Monday, December 19, 2005

Some guy in a monkey suit was the big thrill of King Kong. No, not the Peter Jackson one, which I didn't go see this weekend. The 1978 Jeff Bridges version I watched as a child was on AMC last week. Thanks to DVR, I snatched to watch at my own pace.

Why in the world I thought at four or five that this was such an incredible movie, I don't know. I remember having Kong toys and shirts and staying up for Kong and Godzilla marathons. It was this spectacle of attempting to reach for something bigger - I tell myself now.

What really got me watching it now was Kong's climb up the World Trade Center. It feels like forever we've been mourning the bombing of the WTO; so, the occasional glance on Friends kind of tugs at the heart strings. Here was something more, something from my childhood that finally put those towers in perspective.

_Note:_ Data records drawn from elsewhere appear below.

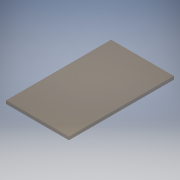
# Autodesk Inventor part: MotorMountDCB
Saved by Autodesk Inventor 2019 (Build 230136000, 136)
## iProperties
Created: 2019-01-19
Part Number: MotorMountDCB
Material: Polycarbonate, Smoke
Document SubType Name: Modeling
Designer: nxgam
Density: 1.2 g/cm^3
Appearance: Polycarbonate - Smoked
Author: nxgam
Autodesk Inventor part; units mm, degrees
ref_plane "YZ Plane" through (0, 0, 0) normal (1, 0, 0) x (0, 1, 0)
ref_plane "XZ Plane" through (0, 0, 0) normal (0, 1, 0) x (-1, 0, 0)
ref_plane "XY Plane" through (0, 0, 0) normal (0, 0, 1) x (1, 0, 0)
sketch "Sketch1" plane through (0, 0, 0) normal (0, 1, 0) x (-1, 0, 0)
  line L0 (-27.3558, 45.72) -> (27.3558, 45.72)
  line L1 (27.3558, 45.72) -> (27.3558, -45.72)
  line L2 (27.3558, -45.72) -> (-27.3558, -45.72)
  line L3 (-27.3558, -45.72) -> (-27.3558, 45.72)
  line L4 (-27.3558, 45.72) -> (27.3558, -45.72) construction
  line L5 (27.3558, 45.72) -> (-27.3558, -45.72) construction
  point P0 (0, 0)
  dimension "d0" = 54.7116
  dimension "d1" = 91.44
  constraints: 12 end point, 2 midpoint, 2 parallel, 1 horizontal, 1 perpendicular
  measures "d0" distance of L1.end L2.end
  measures "d1" distance of L0.end L1.end
extrude "Extrusion1" add sketch "Sketch1" along normal blind 2.794
sketch "Sketch2" plane through (0, 2.794, 0) normal (0, 1, 0) x (1, 0, 0)
  circle A0 centre (-6.3442, 0) radius 6 construction
  circle A1 centre (0.6558, 0) radius 18.4 construction
  circle A2 centre (-7.0942, -13.4234) radius 1.25 construction
  circle A3 centre (-12.7676, -7.75) radius 1.25 construction
  circle A4 centre (-12.7676, 7.75) radius 1.25 construction
  circle A5 centre (-7.0942, 13.4234) radius 1.25 construction
  circle A6 centre (0.6558, 15.5) radius 1.25 construction
  circle A7 centre (14.0792, 7.75) radius 1.25 construction
  circle A8 centre (16.1558, 0) radius 1.25 construction
  circle A9 centre (14.0792, -7.75) radius 1.25 construction
  circle A10 centre (0.6558, -15.5) radius 1.25 construction
  spline S0 degree 3 poles (-6.3442, -8.58) (-7.0027, -8.6329) (-7.0027, -9.0013) (-6.3442, -9.6852) knots -1 -1 -1 -1 0 0 0 0 construction
  arc A11 (-6.3442, -9.6852) -> (-6.3442, 9.6852) centre (0.6558, 0) ccw construction
  spline S1 degree 3 poles (-6.3442, 9.6852) (-7.0027, 9.0013) (-7.0027, 8.6329) (-6.3442, 8.58) knots -1 -1 -1 -1 0 0 0 0 construction
  arc A12 (-6.3442, -8.58) -> (-6.3442, 8.58) centre (-6.3442, 0) ccw construction
  circle A13 centre (-6.3442, 0) radius 6.223
  point P0 (0, 0)
  dimension "d4" = 12.446
  constraints: 14 centre point, 7 coincident, 4 point on circle, 2 vertical alignment, 34 other
  measures "d4" diameter of A13
hole "Hole1" at (0.6558, 2.794, -15.5) at (0.6558, 2.794, 15.5) at (14.0792, 2.794, -7.75) at (14.0792, 2.794, 7.75) at (-12.7676, 2.794, -7.75) at (-12.7676, 2.794, 7.75) direction (0, -1, 0) diameter 3 end through all
extrude "Extrusion2" cut sketch "Sketch2" against normal blind 25.4
sketch "Sketch3" plane through (0, 2.794, 0) normal (0, 1, 0) x (1, 0, 0)
  point P0 (0, 0)
sketch "Sketch4" plane through (0, 0, 0) normal (0, -1, 0) x (1, 0, 0)
  arc A0 (8.0816, -16.5469) -> (10.5912, -15.0645) centre (9.1558, -15.5) ccw
  arc A1 (10.5912, -15.0645) -> (10.5912, 15.0645) centre (0, 0) ccw
  arc A2 (10.5912, 15.0645) -> (8.0816, 16.5469) centre (9.1558, 15.5) ccw
  arc A3 (8.0816, 16.5469) -> (8.0816, -16.5469) centre (0, 0) ccw
  circle A4 centre (-21.8442, -15.5) radius 1.5
  circle A5 centre (-21.8442, 15.5) radius 1.5
  arc A6 (-27.3558, -42.545) -> (-24.1808, -45.72) centre (-24.1808, -42.545) ccw
  line L0 (-27.3558, -42.545) -> (-27.3558, 42.545)
  arc A7 (-24.1808, 45.72) -> (-27.3558, 42.545) centre (-24.1808, 42.545) ccw
  line L1 (-24.1808, 45.72) -> (24.1808, 45.72)
  arc A8 (27.3558, 42.545) -> (24.1808, 45.72) centre (24.1808, 42.545) ccw
  line L2 (27.3558, 42.545) -> (27.3558, -42.545)
  arc A9 (24.1808, -45.72) -> (27.3558, -42.545) centre (24.1808, -42.545) ccw
  line L3 (24.1808, -45.72) -> (-24.1808, -45.72)
  circle A10 centre (9.1558, -15.5) radius 3.25
  circle A11 centre (9.1558, 15.5) radius 3.25
  point P0 (0, 0)
  dimension "d14" = 6.5
  dimension "d15" = 6.5
  constraints: 16 point on circle, 12 centre point, 8 end point, 2 coincident, 2 horizontal, 2 vertical, 32 other
  measures "d14" diameter of A11
  measures "d15" diameter of A10
extrude "Extrusion3" cut sketch "Sketch4" against normal blind 25.4 contours A3 A10 A1 A0 | A0 A1 A10 A3 | A11 A1 A2 A3 | A3 A2 A1 A11 | A4 | A5
fillet "Fillet1" radius 3.175 4 edges at (-27.3558, 1.397, -45.72) (-27.3558, 1.397, 45.72) (27.3558, 1.397, 45.72) (27.3558, 1.397, -45.72)
equation "\"d15\" = d14"
body "Solid1"

An image of safety and home to this big monkey also represented a time of innocence and power from my childhood. Now, that image is suppose to represent something else, which I still haven't figured out yet. Terror? Death? Insecurity? I've got plenty of images for those, I don't need the towers for that.

So, here were the towers in a context that I had forgotten. Having meaning which I didn't remember at first. Movies deal in those kinds of memories all the time. It's part of that reason I give my dad when he asks why would you watch a movie again. Maybe this time, it will mean something different or maybe it mean exactly the same.

When things change, it becomes so important to have something to go back to. Something that's stable if only a celluloid flicker in the dark.